"Spółki dostały polecenie by wrażliwe informacje, nie były przekazywane do ministerstwa tylko od razu do CBA, bo tam jest zainteresowanie tymi sprawami. Nie chcę by w resorcie powstawały jakieś emocje, tu ma być praca" - powiedział Tchórzewski.

Centralne Biuro Antykorupcyjne poinformowało we wtorek, że zaczęło procedurę kontrolną m.in. w Grupie LOTOS, PKN ORLEN, będących pod nadzorem ministerstwa energii.

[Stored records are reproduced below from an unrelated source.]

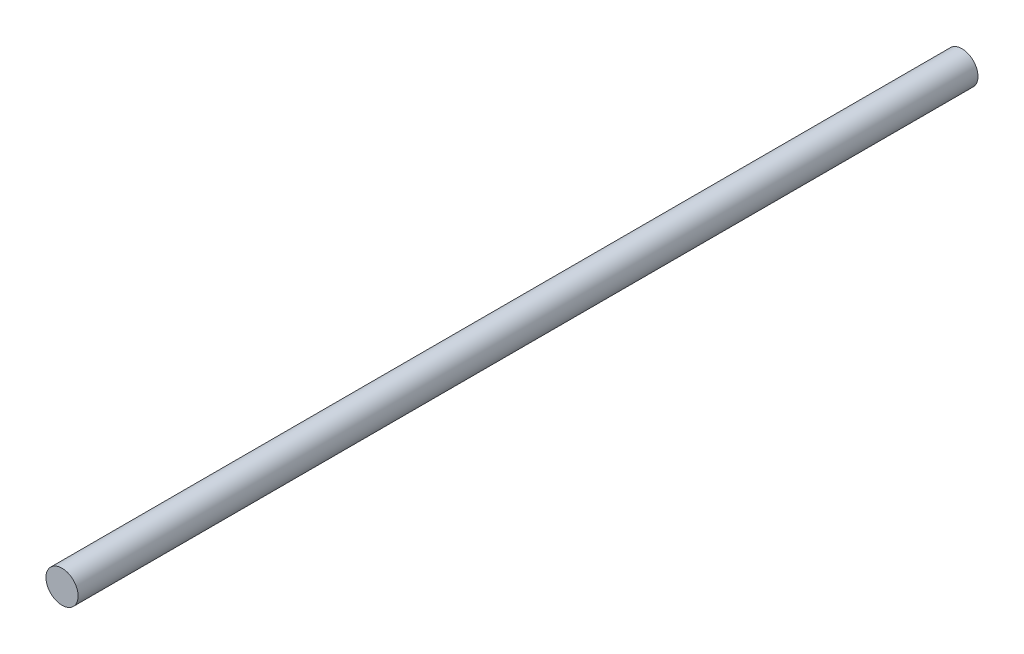
from build123d import *

# Parameters (mm, degrees)
SKETCH1_R           = 6.35
BOSS_EXTRUDE1_DEPTH = 177.8


with BuildPart() as part:
    # Sketch1 → Boss-Extrude1 (new, symmetric)
    with BuildSketch(Plane.XY):
        Circle(SKETCH1_R)
    extrude(amount=BOSS_EXTRUDE1_DEPTH, both=True)


solid = part.part
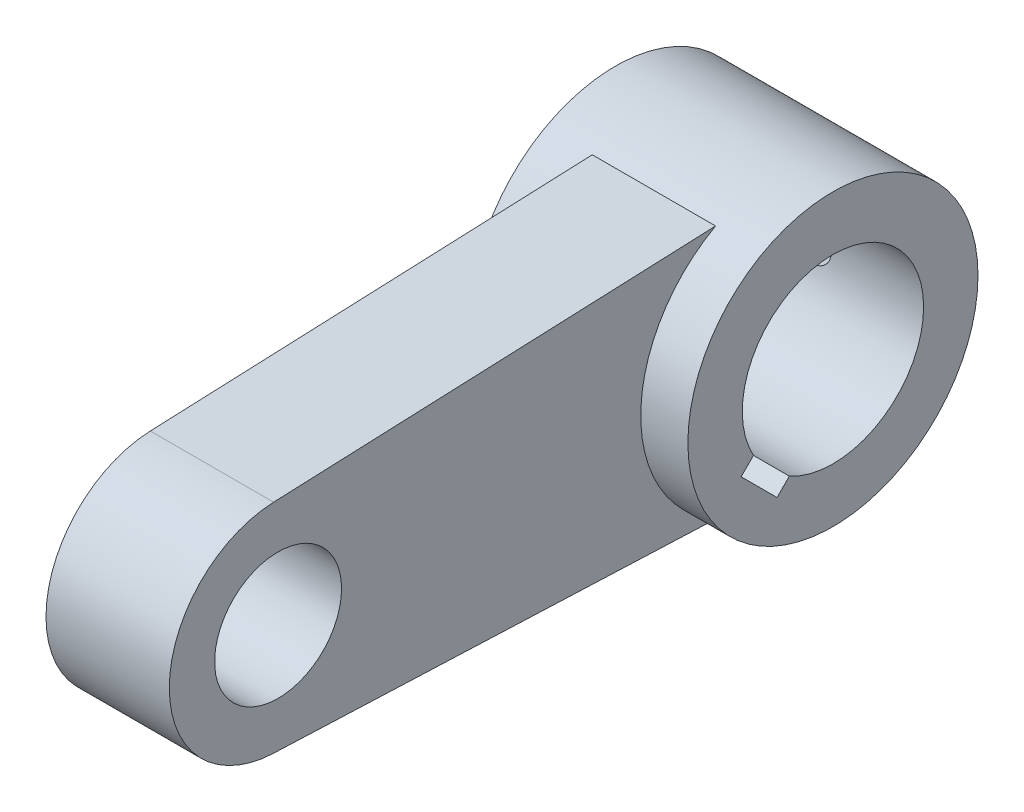
from build123d import *

# Parameters (mm, degrees)
SKETCH1_R           = 40
SKETCH1_R_2         = 25
BOSS_EXTRUDE1_DEPTH = 30
BOSS_EXTRUDE2_DEPTH = 17
SKETCH3_R           = 17.5
CUT_EXTRUDE1_DEPTH  = 181.856296545
CUT_EXTRUDE2_DEPTH  = 185.661853126
SKETCH6_R           = 4.5
CUT_EXTRUDE3_DEPTH  = 24


with BuildPart() as part:
    # Sketch1 → Boss-Extrude1 (new, symmetric)
    with BuildSketch(Plane(origin=(0, 0, 0), x_dir=(0, 0, -1), z_dir=(1, 0, 0))):
        Circle(SKETCH1_R)
        Circle(SKETCH1_R_2, mode=Mode.SUBTRACT)
    extrude(amount=BOSS_EXTRUDE1_DEPTH, both=True)

    # Sketch2 → Boss-Extrude2 (add, symmetric)
    with BuildSketch(Plane(origin=(0, 0, 0), x_dir=(0, 0, -1), z_dir=(1, 0, 0))):
        with BuildLine():
            Line((-19.364916731, 35), (-141.236028691, 29.974526403))
            ThreePointArc((-141.236028691, 29.974526403), (-170, 0), (-141.236028691, -29.974526403))
            Line((-141.236028691, -29.974526403), (-19.364916731, -35))
            ThreePointArc((-19.364916731, -35), (-40, 0), (-19.364916731, 35))
        make_face()
    extrude(amount=BOSS_EXTRUDE2_DEPTH, both=True)

    # Sketch3 → Cut-Extrude1 (cut, through all)
    with BuildSketch(Plane(origin=(17, 0, 0), x_dir=(0, 0, -1), z_dir=(1, 0, 0))):
        with Locations((-140, 0)):
            Circle(SKETCH3_R)
    extrude(amount=-CUT_EXTRUDE1_DEPTH, mode=Mode.SUBTRACT)

    # Sketch5 → Cut-Extrude2 (cut, through all)
    with BuildSketch(Plane(origin=(30, 0, 0), x_dir=(0, 0, -1), z_dir=(1, 0, 0))):
        Polygon((-3.702856162, 6.196638775), (-25.314422766, -15.41492783), (-15.41492783, -25.314422766), (6.196638775, -3.702856162), align=None)
    extrude(amount=-CUT_EXTRUDE2_DEPTH, mode=Mode.SUBTRACT)

    # Sketch6 → Cut-Extrude3 (cut)
    with BuildSketch(Plane.XY.offset(-35)):
        with Locations(Location((0, 0, 0), (0, 0, 180))):
            Circle(SKETCH6_R)
    extrude(amount=CUT_EXTRUDE3_DEPTH, mode=Mode.SUBTRACT)


solid = part.part
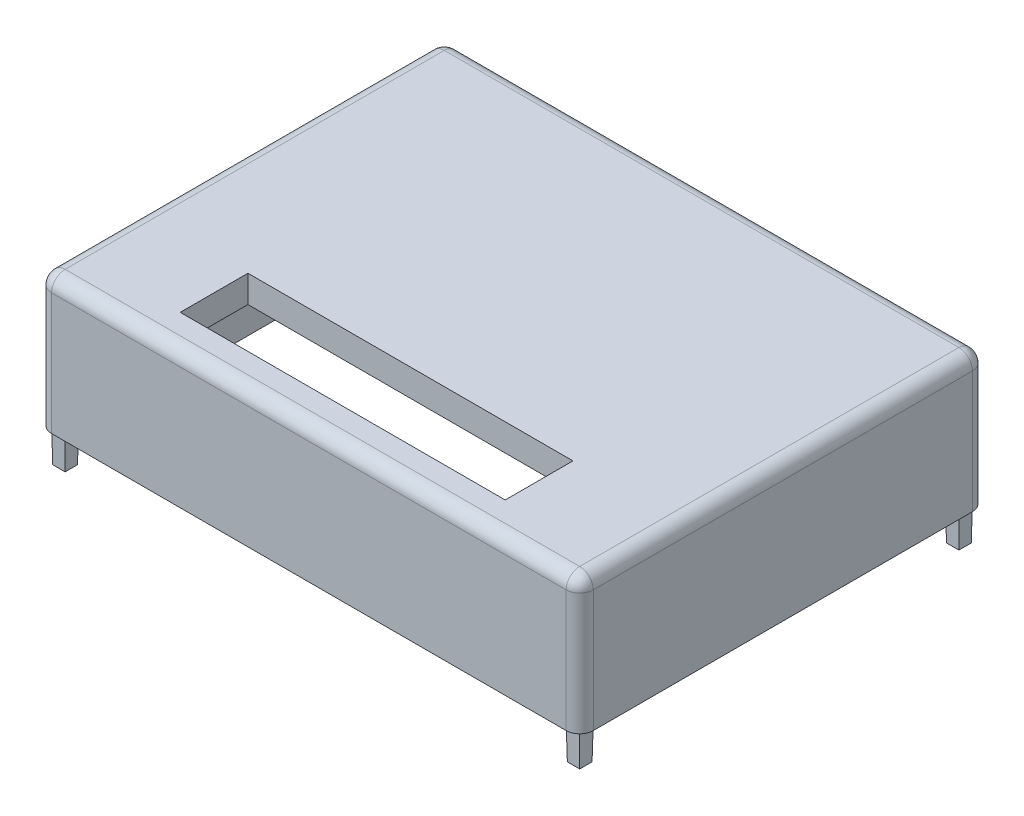
from build123d import *

# Parameters (mm, degrees)
SKETCH1_W               = 101.6
SKETCH1_H               = 76.2
BOSS_EXTRUDE1_DEPTH     = 25.4
SKETCH5_W               = 91.44
SKETCH5_H               = 71.12
CUT_EXTRUDE1_DEPTH      = 20.32
FILLET1_R               = 2.54
SKETCH7_W               = 2.54
SKETCH7_H               = 2.54
BOSS_EXTRUDE2_DEPTH     = 6.35
BOSS_EXTRUDE2_TAPER     = 1
MIRROR4_COPY_1_SKETCH_W = 2.54
MIRROR4_COPY_1_SKETCH_H = 2.54
MIRROR4_COPY_1_DEPTH    = 6.35
MIRROR4_COPY_1_TAPER    = 1
SKETCH8_W               = 60.96
SKETCH8_H               = 12.7
CUT_EXTRUDE2_DEPTH      = 71.99515833
SKETCH9_W               = 50.8
SKETCH9_H               = 20.32
BOSS_EXTRUDE3_DEPTH     = 2.54


with BuildPart() as part:
    # Sketch1 → Boss-Extrude1 (new body)
    with BuildSketch(Plane(origin=(0, 0, 0), x_dir=(1, 0, 0), z_dir=(0, 1, 0))):
        Rectangle(SKETCH1_W, SKETCH1_H)
    extrude(amount=BOSS_EXTRUDE1_DEPTH)

    # Sketch5 → Cut-Extrude1 (cut)
    with BuildSketch(Plane.XZ):
        Rectangle(SKETCH5_W, SKETCH5_H)
    extrude(amount=-CUT_EXTRUDE1_DEPTH, mode=Mode.SUBTRACT)

    # Fillet1
    fillet1_edges = [part.edges().sort_by_distance(p)[0] for p in [
        (-50.8, 25.4, 0),
        (0, 25.4, 38.1),
        (50.8, 25.4, 0),
        (50.8, 12.7, 38.1),
        (-50.8, 12.7, 38.1),
        (-50.8, 12.7, -38.1),
        (50.8, 12.7, -38.1),
        (0, 25.4, -38.1),
    ]]
    fillet(fillet1_edges, radius=FILLET1_R)

    # Sketch7 → Boss-Extrude2 (add)
    with BuildSketch(Plane(origin=(0, 0, 0), x_dir=(-1, 0, 0), z_dir=(0, -1, 0))):
        with Locations((48.26, -35.56)):
            Rectangle(SKETCH7_W, SKETCH7_H)
    boss_extrude2 = extrude(amount=BOSS_EXTRUDE2_DEPTH, taper=BOSS_EXTRUDE2_TAPER)

    # Mirror3: Boss-Extrude2 across plane
    add(boss_extrude2.mirror(Plane(origin=(0, 0, 0), x_dir=(0, 0, 1), z_dir=(1, 0, 0))))

    # Mirror4: Boss-Extrude2 across plane
    add(boss_extrude2.mirror(Plane.XY))

    # Mirror4 copy 1 sketch → Mirror4 copy 1 (add)
    with BuildSketch(Plane.XZ):
        with Locations((48.26, -35.56)):
            Rectangle(MIRROR4_COPY_1_SKETCH_W, MIRROR4_COPY_1_SKETCH_H)
    extrude(amount=MIRROR4_COPY_1_DEPTH, taper=MIRROR4_COPY_1_TAPER)

    # Sketch8 → Cut-Extrude2 (cut, through all)
    with BuildSketch(Plane(origin=(0, 25.4, 0), x_dir=(1, 0, 0), z_dir=(0, 1, 0))):
        with Locations((0, -25.4)):
            Rectangle(SKETCH8_W, SKETCH8_H)
    extrude(amount=-CUT_EXTRUDE2_DEPTH, mode=Mode.SUBTRACT)

    # Sketch9 → Boss-Extrude3 (add)
    with BuildSketch(Plane(origin=(0, 0, 35.56), x_dir=(-1, 0, 0), z_dir=(0, 0, -1))):
        with Locations((0, 10.16)):
            Rectangle(SKETCH9_W, SKETCH9_H)
    extrude(amount=BOSS_EXTRUDE3_DEPTH)


solid = part.part
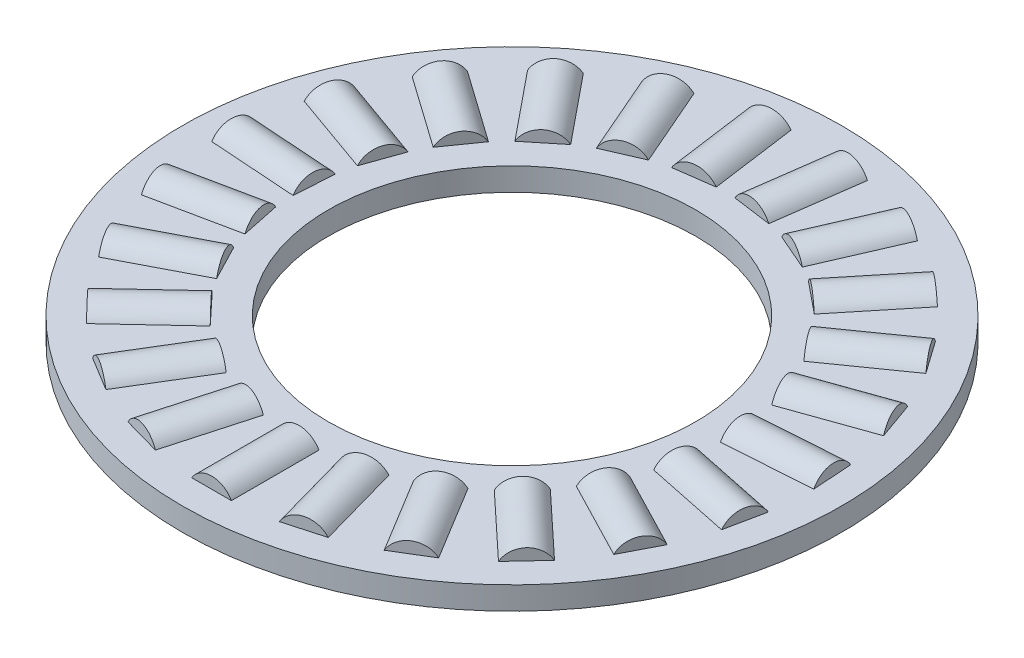
from build123d import *

# Parameters (mm, degrees)
SKETCH5_W         = 6.3246
SKETCH5_H         = 0.9921875
SKETCH3_W         = 3.79476
SKETCH3_H         = 0.9921875
SKETCH2_W         = 3.79476
SKETCH2_H         = 0.9921875
CIRPATTERN1_COUNT = 23
CIRPATTERN1_ANGLE = 344.347826087
CIRPATTERN2_COUNT = 23


with BuildPart() as part:
    # Sketch5 → Revolve3 (revolve)
    with BuildSketch(Plane(origin=(0, 0, 0), x_dir=(0, 0, -1), z_dir=(1, 0, 0)), mode=Mode.PRIVATE) as revolve3_sk:
        with Locations((-11.1252, 0)):
            Rectangle(SKETCH5_W, SKETCH5_H)
    revolve(revolve3_sk.sketch.rotate(Axis((0, -0.9921875, 0), (0, 1, 0)), 180), axis=Axis((0, -0.9921875, 0), (0, 1, 0)))

    # Sketch3 → Cut-Revolve1 (revolve, cut)
    with BuildSketch(Plane(origin=(0, 0, 0), x_dir=(0, 0, -1), z_dir=(1, 0, 0))):
        with Locations((-11.1252, 0.49609375)):
            Rectangle(SKETCH3_W, SKETCH3_H)
    cut_revolve1 = revolve(axis=Axis((0, 0, 13.02258), (0, 0, -1)), mode=Mode.SUBTRACT)

    # CirPattern2: Cut-Revolve1 ×23 about axis
    cirpattern2_axis = Axis((0, 0, 0), (0, 1, 0))
    for i in range(1, CIRPATTERN2_COUNT):
        add(cut_revolve1.rotate(cirpattern2_axis, i * 360 / CIRPATTERN2_COUNT), mode=Mode.SUBTRACT)


with BuildPart() as body_2:
    # Sketch2 → Revolve2 (revolve)
    with BuildSketch(Plane(origin=(0, 0, 0), x_dir=(0, 0, -1), z_dir=(1, 0, 0)), mode=Mode.PRIVATE) as revolve2_sk:
        with Locations((-11.1252, 0.49609375)):
            Rectangle(SKETCH2_W, SKETCH2_H)
    revolve(revolve2_sk.sketch.rotate(Axis((0, 0, 13.02258), (0, 0, -1)), 90), axis=Axis((0, 0, 13.02258), (0, 0, -1)))


with BuildPart() as cirpattern1_1:
    # CirPattern1: pattern copy
    add(body_2.part.rotate(Axis((0, 0.9921875, 0), (0, -1, 0)), 1 * CIRPATTERN1_ANGLE / (CIRPATTERN1_COUNT - 1)))


with BuildPart() as cirpattern1_2:
    # CirPattern1: pattern copy
    add(body_2.part.rotate(Axis((0, 0.9921875, 0), (0, -1, 0)), 2 * CIRPATTERN1_ANGLE / (CIRPATTERN1_COUNT - 1)))


with BuildPart() as cirpattern1_3:
    # CirPattern1: pattern copy
    add(body_2.part.rotate(Axis((0, 0.9921875, 0), (0, -1, 0)), 3 * CIRPATTERN1_ANGLE / (CIRPATTERN1_COUNT - 1)))


with BuildPart() as cirpattern1_4:
    # CirPattern1: pattern copy
    add(body_2.part.rotate(Axis((0, 0.9921875, 0), (0, -1, 0)), 4 * CIRPATTERN1_ANGLE / (CIRPATTERN1_COUNT - 1)))


with BuildPart() as cirpattern1_5:
    # CirPattern1: pattern copy
    add(body_2.part.rotate(Axis((0, 0.9921875, 0), (0, -1, 0)), 5 * CIRPATTERN1_ANGLE / (CIRPATTERN1_COUNT - 1)))


with BuildPart() as cirpattern1_6:
    # CirPattern1: pattern copy
    add(body_2.part.rotate(Axis((0, 0.9921875, 0), (0, -1, 0)), 6 * CIRPATTERN1_ANGLE / (CIRPATTERN1_COUNT - 1)))


with BuildPart() as cirpattern1_7:
    # CirPattern1: pattern copy
    add(body_2.part.rotate(Axis((0, 0.9921875, 0), (0, -1, 0)), 7 * CIRPATTERN1_ANGLE / (CIRPATTERN1_COUNT - 1)))


with BuildPart() as cirpattern1_8:
    # CirPattern1: pattern copy
    add(body_2.part.rotate(Axis((0, 0.9921875, 0), (0, -1, 0)), 8 * CIRPATTERN1_ANGLE / (CIRPATTERN1_COUNT - 1)))


with BuildPart() as cirpattern1_9:
    # CirPattern1: pattern copy
    add(body_2.part.rotate(Axis((0, 0.9921875, 0), (0, -1, 0)), 9 * CIRPATTERN1_ANGLE / (CIRPATTERN1_COUNT - 1)))


with BuildPart() as cirpattern1_10:
    # CirPattern1: pattern copy
    add(body_2.part.rotate(Axis((0, 0.9921875, 0), (0, -1, 0)), 10 * CIRPATTERN1_ANGLE / (CIRPATTERN1_COUNT - 1)))


with BuildPart() as cirpattern1_11:
    # CirPattern1: pattern copy
    add(body_2.part.rotate(Axis((0, 0.9921875, 0), (0, -1, 0)), 11 * CIRPATTERN1_ANGLE / (CIRPATTERN1_COUNT - 1)))


with BuildPart() as cirpattern1_12:
    # CirPattern1: pattern copy
    add(body_2.part.rotate(Axis((0, 0.9921875, 0), (0, -1, 0)), 12 * CIRPATTERN1_ANGLE / (CIRPATTERN1_COUNT - 1)))


with BuildPart() as cirpattern1_13:
    # CirPattern1: pattern copy
    add(body_2.part.rotate(Axis((0, 0.9921875, 0), (0, -1, 0)), 13 * CIRPATTERN1_ANGLE / (CIRPATTERN1_COUNT - 1)))


with BuildPart() as cirpattern1_14:
    # CirPattern1: pattern copy
    add(body_2.part.rotate(Axis((0, 0.9921875, 0), (0, -1, 0)), 14 * CIRPATTERN1_ANGLE / (CIRPATTERN1_COUNT - 1)))


with BuildPart() as cirpattern1_15:
    # CirPattern1: pattern copy
    add(body_2.part.rotate(Axis((0, 0.9921875, 0), (0, -1, 0)), 15 * CIRPATTERN1_ANGLE / (CIRPATTERN1_COUNT - 1)))


with BuildPart() as cirpattern1_16:
    # CirPattern1: pattern copy
    add(body_2.part.rotate(Axis((0, 0.9921875, 0), (0, -1, 0)), 16 * CIRPATTERN1_ANGLE / (CIRPATTERN1_COUNT - 1)))


with BuildPart() as cirpattern1_17:
    # CirPattern1: pattern copy
    add(body_2.part.rotate(Axis((0, 0.9921875, 0), (0, -1, 0)), 17 * CIRPATTERN1_ANGLE / (CIRPATTERN1_COUNT - 1)))


with BuildPart() as cirpattern1_18:
    # CirPattern1: pattern copy
    add(body_2.part.rotate(Axis((0, 0.9921875, 0), (0, -1, 0)), 18 * CIRPATTERN1_ANGLE / (CIRPATTERN1_COUNT - 1)))


with BuildPart() as cirpattern1_19:
    # CirPattern1: pattern copy
    add(body_2.part.rotate(Axis((0, 0.9921875, 0), (0, -1, 0)), 19 * CIRPATTERN1_ANGLE / (CIRPATTERN1_COUNT - 1)))


with BuildPart() as cirpattern1_20:
    # CirPattern1: pattern copy
    add(body_2.part.rotate(Axis((0, 0.9921875, 0), (0, -1, 0)), 20 * CIRPATTERN1_ANGLE / (CIRPATTERN1_COUNT - 1)))


with BuildPart() as cirpattern1_21:
    # CirPattern1: pattern copy
    add(body_2.part.rotate(Axis((0, 0.9921875, 0), (0, -1, 0)), 21 * CIRPATTERN1_ANGLE / (CIRPATTERN1_COUNT - 1)))


with BuildPart() as cirpattern1_22:
    # CirPattern1: pattern copy
    add(body_2.part.rotate(Axis((0, 0.9921875, 0), (0, -1, 0)), 22 * CIRPATTERN1_ANGLE / (CIRPATTERN1_COUNT - 1)))


solid = Compound([part.part, body_2.part, cirpattern1_1.part, cirpattern1_2.part, cirpattern1_3.part, cirpattern1_4.part, cirpattern1_5.part, cirpattern1_6.part, cirpattern1_7.part, cirpattern1_8.part, cirpattern1_9.part, cirpattern1_10.part, cirpattern1_11.part, cirpattern1_12.part, cirpattern1_13.part, cirpattern1_14.part, cirpattern1_15.part, cirpattern1_16.part, cirpattern1_17.part, cirpattern1_18.part, cirpattern1_19.part, cirpattern1_20.part, cirpattern1_21.part, cirpattern1_22.part])

Ponadto kontroluje KGHM Polska Miedź, Grupę Azoty i Polską Grupę Zbrojeniową; kontrola dotyczy wydatków na PR, reklamę i doradztwo.

Jak poinformowało Biuro, CBA sprawdza sygnały o nieprawidłowościach, jakie wpływały do Biura, dotyczące tych konkretnych pięciu spółek. Funkcjonariusze delegatur będą badali umowy i wydatki spółek na usługi z zakresu public relations, marketingowe, reklamowe, na usługi doradcze i inne o podobnym charakterze. Na początku postępowania CBA chce dokładnie wiedzieć kto – jaki wykonawca, co – przedmiot umowy, w jakim terminie, na czyje zlecenie i za jaką kwotę wynagrodzenia wykonał na rzecz spółek usługi z zakresu szeroko pojętego marketingu, PR i reklamy. Analizie, oprócz zakresu samych umów, zostanie poddana dokumentacja wykonawcza i rozliczeniowa.

Tchórzewski powiedział też, że CBA systematycznie prowadzi kontrole od początku istnienia rządu Beaty Szydło "w różnych miejscach", bo jak - podkreślił - to kwestia uprawnień tej służby.

Reklama

"CBA korzysta z tego prawa i ja się z tego cieszę, bo w tej dziedzinie mamy transparentność. Sam fakt, że takie kontrole są prowadzone pomaga w utrzymaniu porządku w firmach. Ja tego nie traktuję tego jako niczego nadzwyczajnego" - dodał.